魯の都は曲阜(きょくふ)と言います。孔子の生誕の地だけあって、孔子廟や孔子邸宅があります。孔子廟は全世界にありますが、ここが一番有名です。

「阜」という文字に見覚えはありませんか? 岐阜の「阜」です。「岐」はというと陝西省西部にある岐山(きざん)から、「阜」は曲阜から、織田信長が岐阜と名づけたと言われています。

岐山は、周の古公亶父が遷都した土地です。古公亶父の孫が姫昌(文王)であり、その子武王が西周を開きます。なお、岐山の南に五丈原があり、234年に魏の司馬懿(仲達)との戦いのなか蜀の諸葛孔明が病に没し、「死せる孔明、生ける仲達を走らす」ことになります。

文王の子である周公旦は、兄武王をたすけ紂を滅ぼします。周公旦は文武を修め、礼制を整えました。イコール孔子にとっての最高の聖人です。

その周公旦の子伯禽が封ぜられたのが魯です。孔子が生きていたころ、魯には周の礼制がまだ残っていました。それを孔子がまとめて、学問にしたのが儒学です。教典に四書五経があります。

【四書五経】
《五経(ごきょう)》
〈『易経(えききょう)』〉
〈『書経(しょきょう)』〉
〈『詩経(しきょう)』〉
〈『礼記(らいき)』〉
〈『春秋(しゅんじゅう)』〉

〈『易経』〉
本来の名前は単に『易』や『周易(しゅうえき)』です。易を易(エキ)と読まずに易(イ)と読む説もあります。『易』は三種類あります。夏(か)の『連山(れんざん)』、殷(いん)の『帰蔵(きぞう)』、それに周(しゅう)の『周易』です。『連山』も『帰蔵』も失われてしまったので、いま伝わるのは『周易』だけです。『周易』は「周代の易」や「周(あまね)く易(変化)の書」の意味です。

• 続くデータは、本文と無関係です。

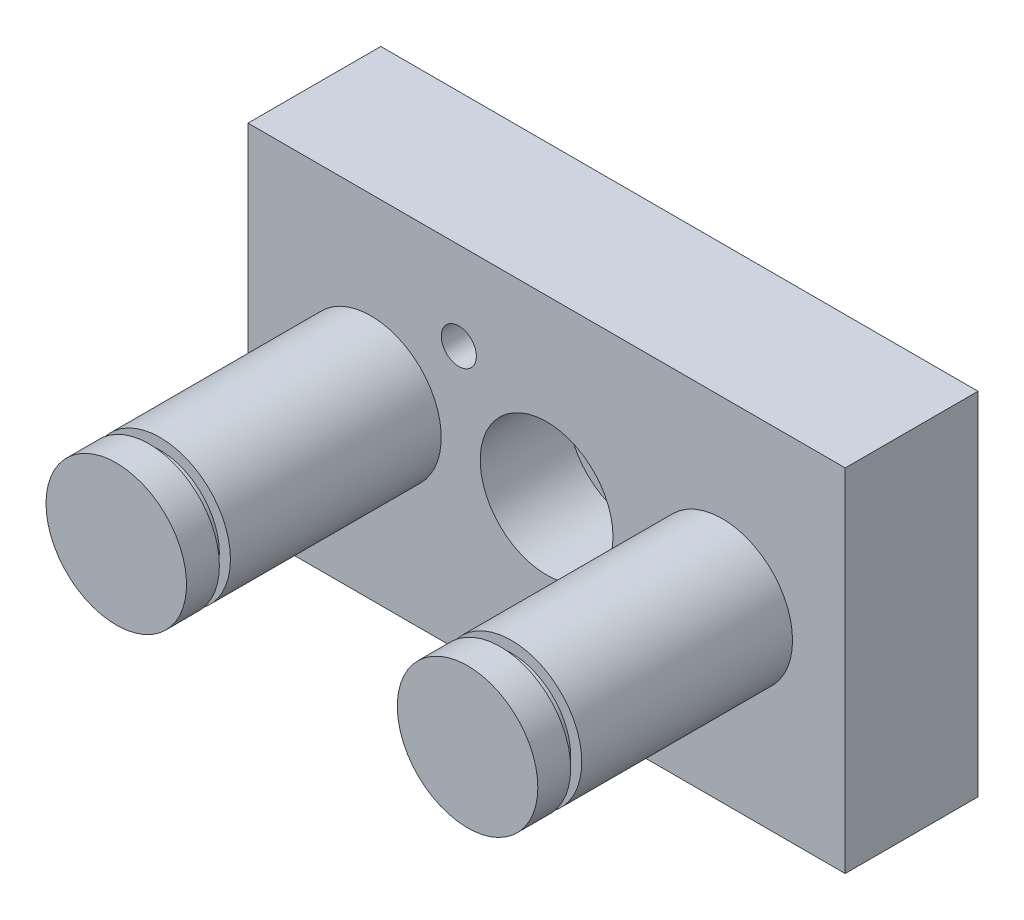
SolidWorks part; units mm, degrees
material "AISI 316 Barra de acero inoxidable recocido (SS)"
ref_plane "Alzado" through (0, 0, 0) normal (0, 0, 1) x (1, 0, 0)
ref_plane "Planta" through (0, 0, 0) normal (0, 1, 0) x (1, 0, 0)
ref_plane "Vista lateral" through (0, 0, 0) normal (1, 0, 0) x (0, 0, -1)
sketch "Croquis1" plane through (0, 0, 0) normal (0, 0, 1) x (1, 0, 0)
  line L1 (-26.9875, 15.875) -> (26.9875, 15.875)
  line L2 (-26.9875, 15.875) -> (-26.9875, -15.875)
  line L3 (-26.9875, -15.875) -> (26.9875, -15.875)
  line L4 (26.9875, 15.875) -> (26.9875, -15.875)
  line L5 (-26.9875, 15.875) -> (26.9875, -15.875) construction
  line L6 (-26.9875, -15.875) -> (26.9875, 15.875) construction
  point P0 (0, 0)
  dimension "D1" = 31.75
  dimension "D2" = 53.975
extrude "Saliente-Extruir1" add sketch "Croquis1" along normal blind 12
sketch "Croquis2" plane through (0, 0, 12) normal (0, 0, 1) x (1, 0, 0)
  circle A0 centre (0, 0) radius 3.969
  dimension "D1" = 7.938
extrude "Cortar-Extruir1" cut sketch "Croquis2" against normal through all
sketch "Croquis3" plane through (0, 0, 12) normal (0, 0, 1) x (1, 0, 0)
  circle A0 centre (0, 0) radius 6.0015
  dimension "D1" = 12.003
extrude "Cortar-Extruir2" cut sketch "Croquis3" against normal blind 7.938
sketch "Croquis4" plane through (0, 0, 12) normal (0, 0, 1) x (1, 0, 0)
  line L0 (12.266, -12.266) -> (-12.266, 12.266) construction
  line L1 (-12.266, -12.266) -> (12.266, 12.266) construction
  circle A0 centre (7.9375, -7.9375) radius 1.5875
  circle A1 centre (-7.9375, 7.9375) radius 1.5875
  dimension "D2" = 15.875
  dimension "D1" = 3.175
  dimension "D3" = 15.875
extrude "Cortar-Extruir3" cut sketch "Croquis4" against normal through all
sketch "Croquis5" plane through (0, 0, 12) normal (0, 0, 1) x (1, 0, 0)
  line L0 (-18.8989, 0) -> (20.1743, 0) construction
  line L1 (0, 0) -> (0, 13.0147) construction
  circle A0 centre (-15.875, 0) radius 3.969
  circle A1 centre (15.875, 0) radius 3.969
  dimension "D2" = 7.938
  dimension "D1" = 31.75
extrude "Cortar-Extruir4" cut sketch "Croquis5" against normal through all
sketch "Croquis6" plane through (0, 0, 0) normal (0, 1, 0) x (1, 0, 0)
  line L0 (-15.875, 0) -> (-15.875, -12) construction
  line L1 (-11.906, 0) -> (-19.844, 0) construction
  line L2 (-19.844, -12) -> (-11.906, -12) construction
  line L3 (-15.875, -1.191) -> (-15.875, -35.019)
  line L4 (-15.875, -35.019) -> (-9.525, -35.019)
  line L5 (-9.525, -35.019) -> (-9.525, -12)
  line L6 (-26.9875, -12) -> (26.9875, -12) construction
  line L7 (-9.525, -12) -> (-11.906, -12)
  line L8 (-11.906, -12) -> (-11.906, -1.191)
  line L9 (-11.906, -1.191) -> (-15.875, -1.191)
  dimension "D1" = 33.828
  dimension "D2" = 7.938
  dimension "D3" = 23.019
  dimension "D4" = 12.7
revolve "Revolución3" add sketch "Croquis6" angle 360 about L0
sketch "Croquis8" plane through (0, 0, 0) normal (0, 1, 0) x (1, 0, 0)
  line L0 (15.875, -12) -> (15.875, 2.1475) construction
  line L1 (11.906, -12) -> (19.844, -12) construction
  line L2 (15.875, -1.191) -> (15.875, -35.019)
  line L3 (15.875, -35.019) -> (9.525, -35.019)
  line L4 (9.525, -35.019) -> (9.525, -12)
  line L5 (6.35, -12) -> (9.525, -12) construction
  line L6 (9.525, -12) -> (11.906, -12)
  line L7 (-26.9875, -12) -> (26.9875, -12) construction
  line L8 (11.906, -12) -> (11.906, -1.191)
  line L9 (11.906, -1.191) -> (15.875, -1.191)
  dimension "D1" = 7.938
  dimension "D2" = 12.7
  dimension "D3" = 23.019
  dimension "D4" = 33.828
revolve "Revolución4" add sketch "Croquis8" angle 360 about L0
sketch "Croquis12" plane through (0, 0, 0) normal (0, 1, 0) x (1, 0, 0)
  line L0 (-9.525, -35.019) -> (-9.525, -12) construction
  line L1 (-9.525, -31.05) -> (-10.525, -31.05)
  line L2 (-10.525, -31.05) -> (-10.525, -32.05)
  line L3 (26.9875, -12) -> (-26.9875, -12) construction
  line L4 (-15.875, -35.019) -> (-15.875, -19.9416) construction
  line L5 (-22.225, -35.019) -> (-9.525, -35.019) construction
  line L6 (-10.525, -32.05) -> (-9.525, -32.05)
  line L7 (-9.525, -31.05) -> (-9.525, -32.05)
  dimension "D2" = 1
  dimension "D1" = 19.05
  dimension "D3" = 1
sketch "Croquis13" plane through (0, 0, 0) normal (0, 1, 0) x (1, 0, 0)
  line L0 (15.875, -35.019) -> (15.875, -17.7554) construction
  line L1 (9.525, -35.019) -> (22.225, -35.019) construction
  line L2 (22.225, -35.019) -> (22.225, -12) construction
  line L3 (26.9875, -12) -> (-26.9875, -12) construction
  line L4 (22.225, -31.05) -> (21.225, -31.05)
  line L5 (21.225, -31.05) -> (21.225, -32.05)
  line L6 (21.225, -32.05) -> (22.225, -32.05)
  line L7 (22.225, -32.05) -> (22.225, -31.05)
  dimension "D2" = 1
  dimension "D1" = 19.05
  dimension "D3" = 1
revolve "Cortar-Revolución3" cut sketch "Croquis12" angle 360 about L4
revolve "Cortar-Revolución4" cut sketch "Croquis13" angle 360 about L0
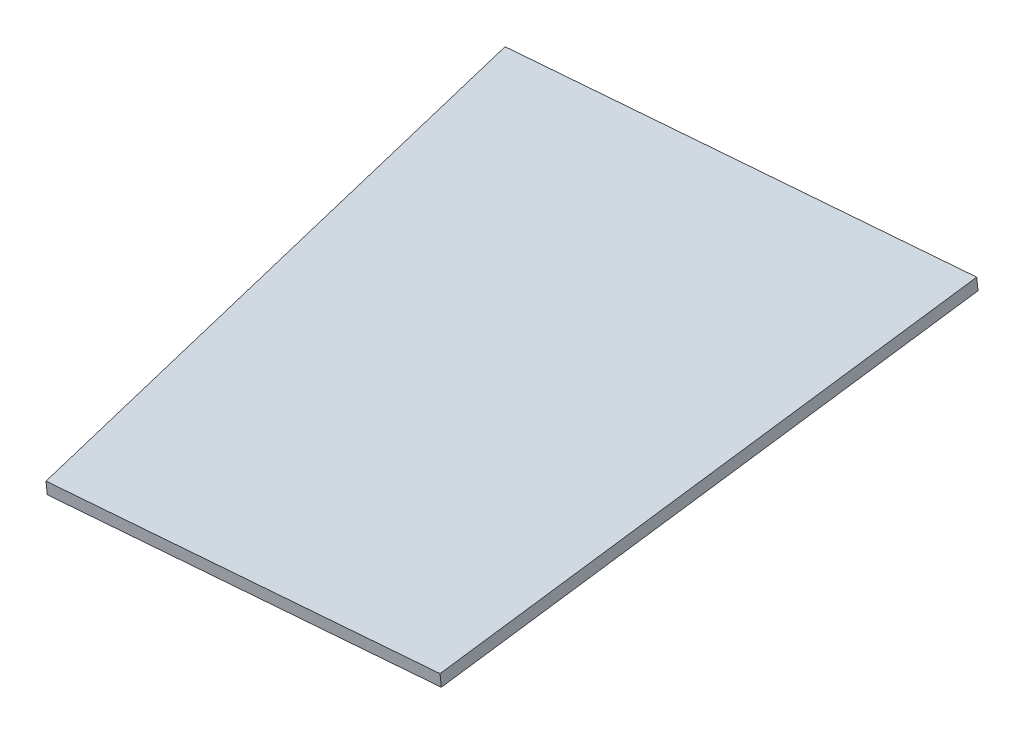
SolidWorks part; units mm, degrees
ref_plane "Front Plane" through (0, 0, 0) normal (0, 0, 1) x (1, 0, 0)
ref_plane "Top Plane" through (0, 0, 0) normal (0, 1, 0) x (1, 0, 0)
ref_plane "Right Plane" through (0, 0, 0) normal (1, 0, 0) x (0, 0, -1)
ref_plane "Pedlabox Floor Plane" through (4.4891, 322.0821, 37.0376) normal (-0.0138, -0.9934, -0.1142) x (-0.9999, 0.0139, 0.0005)
sketch "PedalBox Floor" plane through (4.4891, 322.0821, 37.0376) normal (-0.0138, -0.9934, -0.1142) x (-0.9999, 0.0139, 0.0005)
  line L0 (823.6975, -1109.2795) -> (811.3093, -1660.1683)
  line L1 (811.3093, -1660.1683) -> (1172.8621, -1691.8339)
  line L2 (1172.8621, -1691.8339) -> (1256.4242, -1147.1786)
  line L3 (1256.4242, -1147.1786) -> (823.6975, -1109.2795)
  line L4 (1227.0164, -1144.603) -> (853.1053, -1111.8551) construction
  line L9 (1173.6692, -1686.5734) -> (1286.2204, -952.9673) construction
  line L10 (828.1148, -912.8454) -> (811.429, -1654.8475) construction
  line L11 (1173.0032, -1691.8463) -> (811.1683, -1660.156) construction
extrude "Boss-Extrude1" add sketch "PedalBox Floor" along normal blind 12.7 contours L3 L0 L1 L2
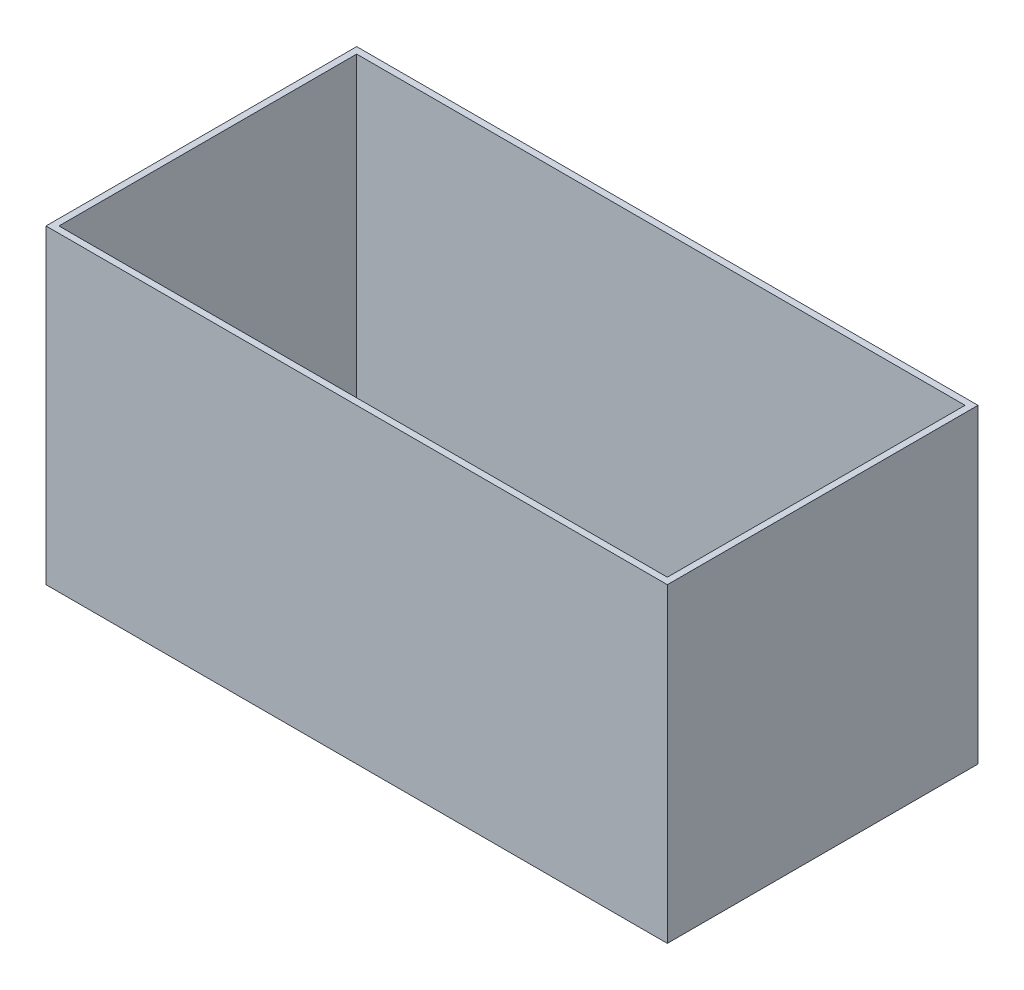
SolidWorks part; units mm, degrees
ref_plane "Front Plane" through (0, 0, 0) normal (0, 0, 1) x (1, 0, 0)
ref_plane "Top Plane" through (0, 0, 0) normal (0, 1, 0) x (1, 0, 0)
ref_plane "Right Plane" through (0, 0, 0) normal (1, 0, 0) x (0, 0, -1)
sketch "Sketch1" plane through (0, 0, 0) normal (0, 1, 0) x (1, 0, 0)
  line L1 (0, 0) -> (609.6, 0)
  line L2 (0, 0) -> (0, 304.8)
  line L3 (0, 304.8) -> (609.6, 304.8)
  line L4 (609.6, 0) -> (609.6, 304.8)
  dimension "D1" = 609.6
  dimension "D2" = 304.8
extrude "Boss-Extrude1" add sketch "Sketch1" along normal blind 304.8
sketch "Sketch2" plane through (0, 304.8, 0) normal (0, 1, 0) x (1, 0, 0)
  line L0 (609.6, 0) -> (609.6, 304.8) construction
  line L1 (6.35, 6.35) -> (603.25, 6.35)
  line L2 (6.35, 6.35) -> (6.35, 298.45)
  line L3 (6.35, 298.45) -> (603.25, 298.45)
  line L4 (603.25, 6.35) -> (603.25, 298.45)
  line L5 (6.35, 6.35) -> (603.25, 298.45) construction
  line L6 (6.35, 298.45) -> (603.25, 6.35) construction
  line L7 (609.6, 304.8) -> (0, 304.8) construction
  point P0 (304.8, 152.4)
  dimension "D1" = 304.8
  dimension "D2" = 152.4
  dimension "D3" = 6.35
  dimension "D4" = 6.35
extrude "Cut-Extrude1" cut sketch "Sketch2" against normal blind 298.45 contours L3 L4 L1 L2
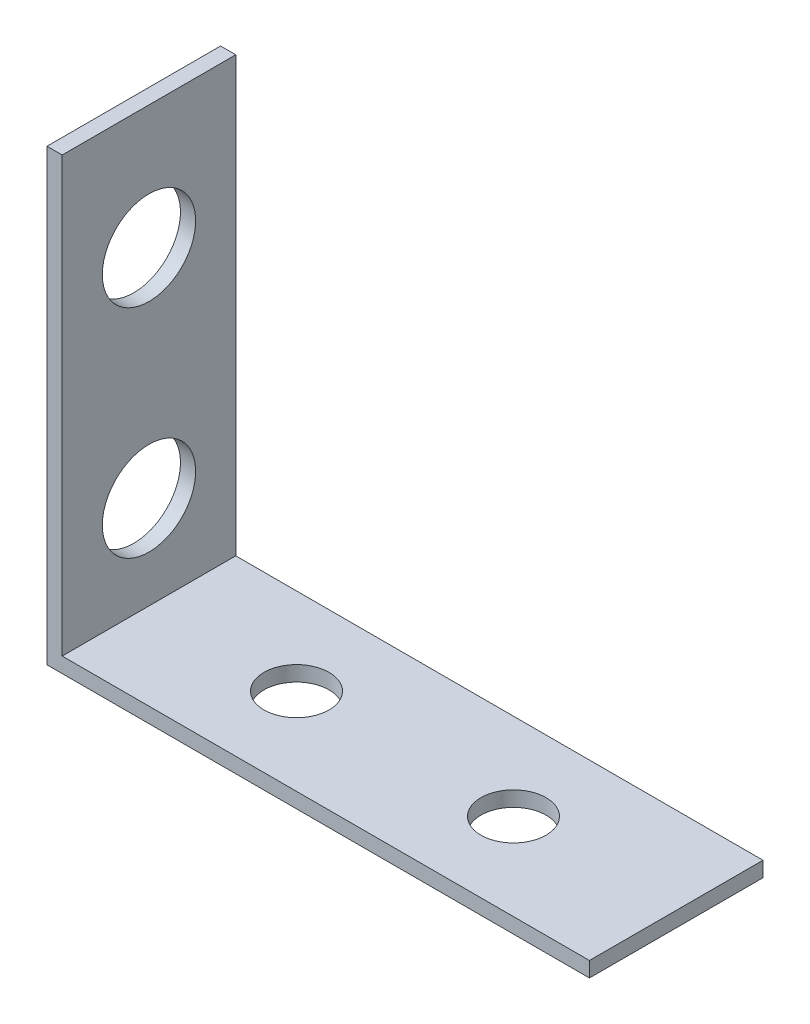
SolidWorks part; units mm, degrees
ref_plane "Front Plane" through (0, 0, 0) normal (0, 0, 1) x (1, 0, 0)
ref_plane "Top Plane" through (0, 0, 0) normal (0, 1, 0) x (1, 0, 0)
ref_plane "Right Plane" through (0, 0, 0) normal (1, 0, 0) x (0, 0, -1)
sketch "Sketch1" plane through (0, 0, 0) normal (0, 1, 0) x (1, 0, 0)
  line L0 (-12.5, 4) -> (12.5, 4) construction
  line L1 (-12.5, 8) -> (12.5, 8)
  line L2 (-12.5, 8) -> (-12.5, 0)
  line L3 (-12.5, 0) -> (12.5, 0)
  line L4 (12.5, 8) -> (12.5, 0)
  line L5 (0, 8) -> (0, 0) construction
  circle A0 centre (-5, 4) radius 1.5
  circle A1 centre (5, 4) radius 1.5
  point P4 (0, 0)
  point P6 (20, 2.6158)
  point P15 (0, 0)
  point P16 (-20, 2.0054)
  dimension "D3" = 3
  dimension "D1" = 8
  dimension "D2" = 25
  dimension "D4" = 7.5
  dimension "D5" = 4
extrude "Boss-Extrude1" add sketch "Sketch1" along normal blind 0.7 contours L0 L2 L3 L5 A0 | L0 L5 L3 L4 A1 | L5 L0 A1 L4 L1 | L2 L0 A0 L5 L1
sketch "Sketch3" plane through (0, 0.7, 0) normal (0, 1, 0) x (1, 0, 0)
  line L0 (-12.5, 0) -> (12.5, 0) construction
  line L1 (-12.5, 0) -> (-11.8, 0)
  line L2 (-12.5, 0) -> (-12.5, 8)
  line L3 (-12.5, 8) -> (-11.8, 8)
  line L4 (-11.8, 0) -> (-11.8, 8)
  line L5 (-12.5, 8) -> (-12.5, 0) construction
  point P8 (-20, 10)
  point P10 (-20, 12.6)
  point P11 (20, 0)
  point P12 (20, 0)
  dimension "D1" = 0.7
extrude "Boss-Extrude3" add sketch "Sketch3" along normal blind 20
sketch "Sketch4" plane through (-12.5, 0, 0) normal (-1, 0, 0) x (0, 0, 1)
  line L0 (-4, 20.7) -> (-4, 0) construction
  line L1 (-8, 20.7) -> (0, 20.7) construction
  line L2 (-8, 0) -> (0, 0) construction
  circle A0 centre (-4, 5) radius 2.15
  circle A1 centre (-4, 15) radius 2.15
  dimension "D4" = 4.3
  dimension "D1" = 4
  dimension "D2" = 5
  dimension "D3" = 10
extrude "Cut-Extrude1" cut sketch "Sketch4" against normal through all

孔子がとりわけ重要視したのが、『易経』です。繰り返し読んだらしく、『史記』「孔子世家」に「韋編三たび絶つ」と書かれています。韋編(いへん)という綴じ紐(とじひも)が三度も切れるほどだったようです。『易経』については別の機会にしましょう。

〈『書経』〉
政治史・政教の書籍です。日本の元号「昭和」「平成」はこちらが由来です。ちなみに「大正」は『易経』が由来です。

〈『詩経』〉
そのものズバリ詩集です。『聖書』の「詩篇」とは……。

〈『礼記』〉
礼儀に関する書籍です。

〈『春秋』〉
魯国の歴史書です。「春秋三伝」として、三種類の『春秋』の注釈書があります。『春秋左氏伝(さしでん)』が一番有名で、マトモです。『春秋穀梁伝(こくりょうでん)』はチョットアレです。『春秋公羊伝(くようでん)』はムチャクチャアレです。

《四書(ししょ)》
〈『論語(ろんご)』〉
〈『孟子(もうし)』〉
〈『大学(だいがく)』〉
〈『中庸(ちゅうよう)』〉

〈『論語』〉
後述します。

〈『孟子』〉
後述します。

〈『大学』〉
『礼記』の一篇で、政治の話です。明徳・止至善・新民の三綱領と、格物・致知・誠意・正心・修身・斉家・治国・平天下の八条目を説いています。ちなみに、二宮尊徳(にのみやたかのり)(1787年―1856年)の像が読んでいる本が『大学』です。二宮尊徳が元祖「歩きスマホ」だと思っている人は多いですが、実は狩野元信と伝えられる重要文化財『紙本墨画淡彩朱買臣図』が東京国立博物館にあります。朱買臣(しゅばいしん)は前漢の人で、薪を担いで歩きながら書を読んでいたそうです……。人間てホント成長しませんね……。

〈『中庸』〉
こちらも『礼記』の一篇で、倫理の話です。中庸はどっちつかずの中途半端という意味ではなく、常にセンターにいるというムチャクチャ大変なことです。『老子』に似ていますが、別の機会にしましょう。

【参考文献】
*『漢字源』EPWING版(学習研究社、1993年)

【「沈黙」という話/「東アジアの思想」という話】リスト(16+35+号外1)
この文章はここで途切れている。